There are a number of songs great songs we sing at Church besides hymns. Some of our leaders have written updated music to old hymns that are amazing.

We sing Doug Wilson's rendition of Psalm 2, which is powerful (Pastor Wilson, btw, will be preaching at our church next Lord's Day...let the tomatoes fly!).

We also like singing "We Will Dance", lyrics are below:

Sing a song of celebration
Lift up a shout of praise
For the Bridegroom will come
The glorious One
And oh, we will look on His face
We'll go to a much better place

Dance with all your might
Lift up your hands and clap for joy
The time's drawing near
When He will appear
And oh, we will stand by His side
A strong, pure, spotless bride

We will dance on the streets that are golden
The glorious bride and the great Son of man
From every tongue and tribe and nation
Will join in the song of the Lamb

Sing aloud for the time of rejoicing is near
The risen King, our groom, is soon to appear
The wedding feast to come is now near at hand
Lift up your voice, proclaim the coming Lamb


----------



## Rich Koster

I'll wait for the new Joel Osteen chorus book to come out


----------



## 21st Century Calvinist

I voted for In Christ Alone. It is a great hymn with beautiful words and melody. I also like How Deep the Father's Love and How Great is our God. Honorable mention to Here I am to Worship.
At church we tend to do mostly RUF/Red Mountain. Tomorrow, they will sing 3 Psalms, including Psalm 40E from the Book of Psalms for Singing which one of our guys has written a really nice tune to. The downer is that I won't be there as I have to work.


----------



## Pilgrim

"The Power of the Cross" by the Getty's is outstanding as well. 

Agnus Dei by Michael W. Smith is probably the best chorus/praise song in my opinion.

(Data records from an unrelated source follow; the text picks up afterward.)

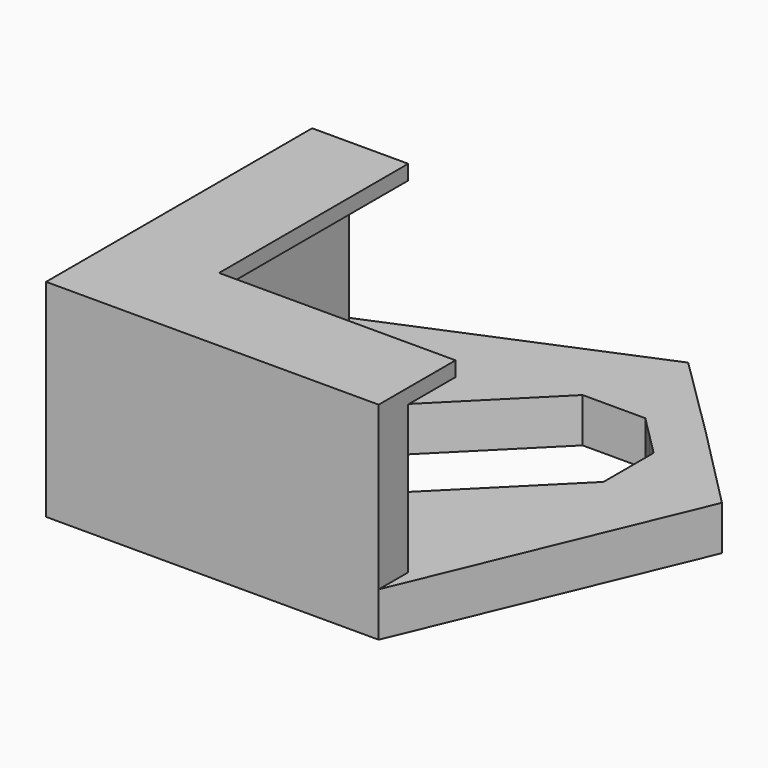
from build123d import *

# Parameters (mm, degrees)
F2_DEPTH  = 7
F4_DEPTH  = 3
F5_DEPTH  = 7
F7_DEPTH  = 1.5
F8_R      = 0.99999
F10_DEPTH = 1


# Not quite as in the source:
# - a fillet or chamfer is up to 0.001 mm smaller than in the source, because OpenCascade refuses the exact size


with BuildPart() as f2:
    # F1 (on offset) → F2 (new body)
    with BuildSketch(Plane.XY.offset(4)):
        Polygon((20, 0), (0, 0), (0, 20), (-2.5, 20), (-2.5, -2.5), (20, -2.5), align=None)
    extrude(amount=F2_DEPTH)



with BuildPart() as f4:
    # F3 (on Top) → F4 (new body)
    with BuildSketch(Plane.XY):
        Polygon((21.591883092, 18.7634559673), (21.591883092, 14.5208152802), (4.5710678119, -2.5), (8.75, -2.5), (20, -2.5), (27.9713179916, 16.5624991059), (22.2989825486, 22.2989889792), (16.5624926754, 27.9713244222), (-2.5, 20), (-2.5, 8.75), (-2.5, 4.5710678119), (14.5208152802, 21.591883092), (18.7634559673, 21.591883092), (20.1776695297, 20.1776695297), align=None)
    extrude(amount=-F4_DEPTH)


with BuildPart() as f2_1:
    add(f2.part)

    add(f4.part)  # F5 merges F4
    # F1 (on offset) → F5 (join)
    with BuildSketch(Plane.XY.offset(4)):
        Polygon((20, 0), (0, 0), (0, 20), (-2.5, 20), (-2.5, -2.5), (20, -2.5), align=None)
    extrude(amount=-F5_DEPTH)

    # F6 (on face) → F7 (join)
    with BuildSketch(Plane(origin=(20.1776695297, 20.1776695297, 0), x_dir=(0.7071067812, -0.7071067812, 0), z_dir=(-0.7071067812, -0.7071067812, 0))):
        with BuildLine():
            Line((-1, -3), (1, -3))
            ThreePointArc((1, -3), (0, -2), (-1, -3))
        make_face()
    extrude(amount=F7_DEPTH)

    # F8 (radius 1 in the source; OpenCascade refuses exactly that, so slightly less here)
    f8_edges = [f2_1.edges().sort_by_distance(p)[0] for p in [
        (19.117009, 19.117009, -2),
    ]]
    fillet(f8_edges, radius=F8_R)

    # F9 (on face) → F10 (join)
    with BuildSketch(Plane.XY.offset(11)):
        Polygon((4, 20), (-2.5, 20), (-2.5, -2.5), (20, -2.5), (20, 4), (4, 4), align=None)
    extrude(amount=-F10_DEPTH)


solid = f2_1.part

-----Added 3/7/2009 at 08:25:08 EST-----

"As the Deer" is alright but it grates on me because of the switching between "you" and "thee" in at least some versions of the song.

-----Added 3/7/2009 at 08:26:38 EST-----

[video=youtube;ubGCISQQ7Zo]http://www.youtube.com/watch?v=ubGCISQQ7Zo[/video]

-----Added 3/7/2009 at 08:38:52 EST-----

This is a little off topic, but there is an interesting worship project out of NOBTS that I have recently become aware of. Their first release focuses on the Psalms. I was privileged to meet Andrew Pressley (one of the people heading up the project) this weekend. 

Reclaimed Praise - Home
Baptist Press - 'Reclaimed Praise' offers worship resources - News with a Christian Perspective


----------



## 21st Century Calvinist

Pilgrim wrote:
*"As the Deer" is alright but it grates on me because of the switching between "you" and "thee" in at least some versions of the song.*

Indelible Grace and Red mountain do it too on occasion.

*"The Power of the Cross" by the Getty's is outstanding as well.*

I don't think I have heard anything by the Getty's or Stuart Townsend that I have objected to.


----------



## Honor

I don't know if this counts but this is my fav.... in the video the girl singing is not Addison Road, but the only one I could find with Addison road had pictures of Jesus in them and I didn't want to have the video deleted.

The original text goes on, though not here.